Apache ShardingSphere 5.0.0: Kernel Optimizations

Having undergone almost two years of development and optimization, the Apache ShardingSphere 5.0.0 GA version was finally released. 

Compared with the 4.1.1 GA version, the new version's kernel is greatly improved: *first, the kernel optimizations are subject to the pluggable architecture allowing users to combine kernel features as they wish; secondly, aiming to improve SQL distributed query capabilities, Federation Execution Engine is created to satisfy users' needs in complex business scenarios. We also made optimizations at the API level to help users reduce costs.

After reading this article, you will understand some kernel-related changes we made and the feature differences between the new Apache ShardingSphere version and the previous one. You will also learn more about these optimizations and study how to use the 5.0.0 version in a practical scenario case that integrates data sharding, read/write splitting, as well as encryption and decryption.

Pluggable Architecture Kernel

Database Plus is known as the North-Star of Apache ShardingSphere's 5.0.0 GA version. Our mission is to build a criterion and ecosystem above multi-model databases, and provide users with additional functions. The three characteristics of Database Plus are called Link, Enhance, and Pluggable. 

Precisely, by connecting to heterogeneous databases, Apache ShardingSphere can provide multi-model databases with management services and enhanced features including but not limited to data sharding, data encryption & decryption, and distributed transactions. With its pluggable platform, the enhanced functions can be expanded indefinitely, or to put it another way, users can flexibly extend the features as they need. 

The emergence of the Database Plus concept indicates that ShardingSphere has evolved from a middleware into an innovative distributed database ecosystem. Since we set Database Plus as our new direction and there are many extension points in our pluggable system, having a pluggable kernel was a given. The figure below illustrates the new pluggable Kernel: 

All of Apache ShardingSphere Kernel' processes (i.e. metadata loader, SQL parser, SQL router, SQL rewriter, and SQL executor & result merger) provide extension points built on which Apache ShardingSphere implements default features such as data sharding, read/write splitting, encryption & decryption, shadow database stress testing, and high availability.

We can divide the extension points into two categories: feature-based extension points and technology-based extension points. 

Among the processes of Apache ShardingSphere Kernel, technical extension points include the extension points of the SQL Parser Engine and SQL Executor engine, while function extension points are the extension points of the Metadata Loading, SQL Router engine, SQL Rewriter Engine, and SQL Executor & Result Merger Engine.

The extension points of the SQL Parser Engine are SQL AST Analysis and SQL Tree Traversal. The SQL Parser Engine of Apache ShardingSphere built on these two extension points can parse and traverse many database dialects such as MySQL, PostgreSQL, Oracle, SQLServer, openGauss, and SQL92 by default. Users can also write code to parse more database dialects not currently supported by Apache ShardingSphere SQL Parser, or develop SQL Audit and other new features.

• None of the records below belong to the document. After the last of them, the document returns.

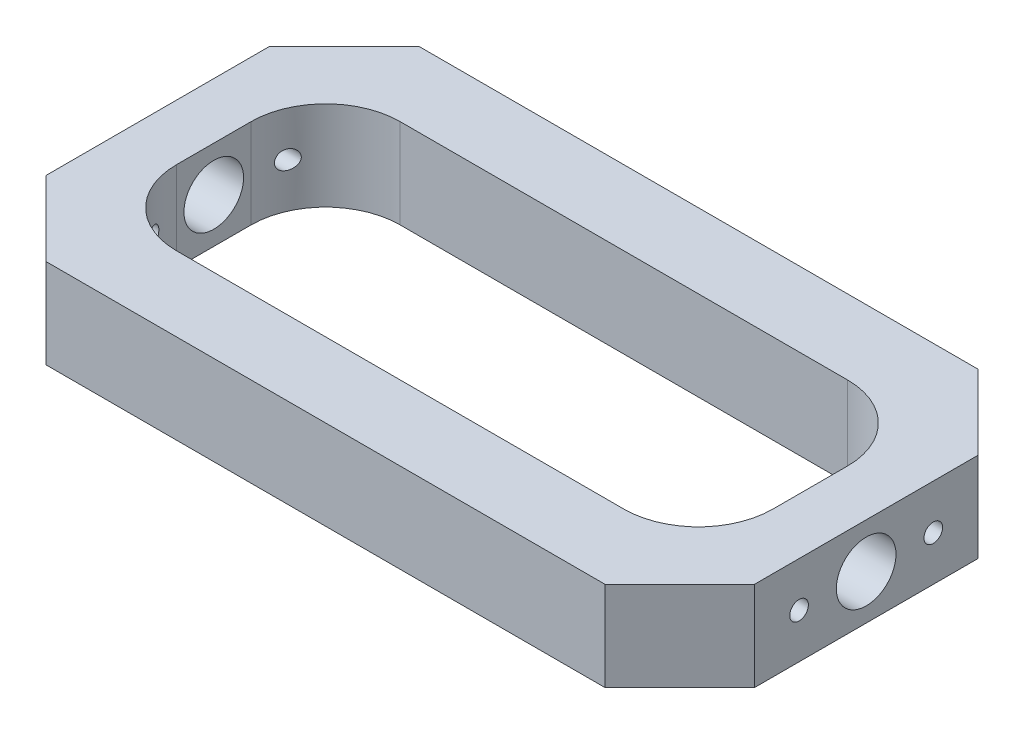
from build123d import *

# Parameters (mm, degrees)
SKETCH2_W                  = 95
SKETCH2_H                  = 50
SKETCH2_W_2                = 80
SKETCH2_H_2                = 30
BOSS_EXTRUDE1_DEPTH        = 6
CUT_EXTRUDE1_DEPTH         = 55.011572834
CUT_EXTRUDE1_DEPTH_BACK    = 55.011572834
SKETCH4_R                  = 4
FILLET1_R                  = 10
M3X0_5_TAPPED_HOLE1_REACH  = 100.417
M3X0_5_TAPPED_HOLE1_BORE_R = 1.25
CHAMFER1_SIZE              = 10


with BuildPart() as part:
    # Sketch2 → Boss-Extrude1 (new, symmetric)
    with BuildSketch(Plane(origin=(0, 0, 0), x_dir=(1, 0, 0), z_dir=(0, 1, 0))):
        Rectangle(SKETCH2_W, SKETCH2_H)
        Rectangle(SKETCH2_W_2, SKETCH2_H_2, mode=Mode.SUBTRACT)
    extrude(amount=BOSS_EXTRUDE1_DEPTH, both=True)

    # Sketch4 → Cut-Extrude1 (cut, two sides: drawn at the far end of the back side and taken through both)
    with BuildSketch(Plane(origin=(0, 0, 0), x_dir=(0, 0, -1), z_dir=(1, 0, 0)).offset(-CUT_EXTRUDE1_DEPTH_BACK)):
        Circle(SKETCH4_R)
    extrude(amount=CUT_EXTRUDE1_DEPTH + CUT_EXTRUDE1_DEPTH_BACK, mode=Mode.SUBTRACT)

    # Fillet1
    fillet1_edges = [part.edges().sort_by_distance(p)[0] for p in [
        (40, 0, 15),
        (40, 0, -15),
        (-40, 0, -15),
        (-40, 0, 15),
    ]]
    fillet(fillet1_edges, radius=FILLET1_R)

    # M3x0.5 Tapped Hole1 bore → M3x0.5 Tapped Hole1 (cut, up to next)
    with BuildSketch(Plane.ZY.offset(47.5), mode=Mode.PRIVATE) as m3x0_5_tapped_hole1_sk1:
        with Locations((-9, 0)):
            Circle(M3X0_5_TAPPED_HOLE1_BORE_R)
    m3x0_5_tapped_hole1_tool1 = extrude(m3x0_5_tapped_hole1_sk1.sketch, amount=-M3X0_5_TAPPED_HOLE1_REACH, mode=Mode.PRIVATE) & part.part
    # M3x0.5 Tapped Hole1 bore → M3x0.5 Tapped Hole1 (cut, up to next)
    with BuildSketch(Plane.ZY.offset(47.5), mode=Mode.PRIVATE) as m3x0_5_tapped_hole1_sk2:
        with Locations((9, 0)):
            Circle(M3X0_5_TAPPED_HOLE1_BORE_R)
    m3x0_5_tapped_hole1_tool2 = extrude(m3x0_5_tapped_hole1_sk2.sketch, amount=-M3X0_5_TAPPED_HOLE1_REACH, mode=Mode.PRIVATE) & part.part
    m3x0_5_tapped_hole1_1 = m3x0_5_tapped_hole1_tool1.solids().sort_by_distance((-47.5, 0, -9))[0]
    add(m3x0_5_tapped_hole1_1, mode=Mode.SUBTRACT)
    m3x0_5_tapped_hole1_2 = m3x0_5_tapped_hole1_tool2.solids().sort_by_distance((-47.5, 0, 9))[0]
    add(m3x0_5_tapped_hole1_2, mode=Mode.SUBTRACT)
    m3x0_5_tapped_hole1 = m3x0_5_tapped_hole1_1 + m3x0_5_tapped_hole1_2  # M3x0.5 Tapped Hole1 as one shape, for the pattern or mirror that repeats it

    # Mirror1: M3x0.5 Tapped Hole1 across plane
    add(m3x0_5_tapped_hole1.mirror(Plane(origin=(0, 0, 0), x_dir=(0, 0, 1), z_dir=(1, 0, 0))), mode=Mode.SUBTRACT)

    # Hole Thread4: M3x0.5 Tapped Hole1 across Right Plane
    add(m3x0_5_tapped_hole1.mirror(Plane(origin=(0, 0, 0), x_dir=(0, 0, -1), z_dir=(1, 0, 0))), mode=Mode.SUBTRACT)

    # Chamfer1
    chamfer1_edges = [part.edges().sort_by_distance(p)[0] for p in [
        (47.5, 0, 25),
        (-47.5, 0, 25),
        (-47.5, 0, -25),
        (47.5, 0, -25),
    ]]
    chamfer(chamfer1_edges, length=CHAMFER1_SIZE)


solid = part.part

How about the SQL Execution Engine extension points? Its extension depends on different execution methods. Currently, Apache ShardingSphere's SQL Executor has a single-threaded execution engine and a multi-threaded execution engine. The single-threaded execution engine is used to execute transaction statements, while the multi-threaded one applies to scenarios that do not include transactions to improve SQL execution performance. In the future, we will provide more execution engines such as MPP Execution Engine that meets the requirements for SQL execution in distribution scenarios. 

Apache ShardingSphere provides function extension points for data sharding, read-write splitting, encryption & decryption, shadow database stress testing, and high availability. These features implement all or part of the function extension points to meet their needs. Meanwhile, within each of them, internal sub-level function extension points such as Sharding Strategy, Distributed ID Generator, and Load Balancing Algorithm are also provided. The following extension points are implemented in the Apache ShardingSphere kernel functions:

  • Data Sharding implements all the extension points of the metadata loader, SQL router, SQL rewriter and result merger. For the data sharding function, extension points such as sharding algorithm and distributed ID are provided.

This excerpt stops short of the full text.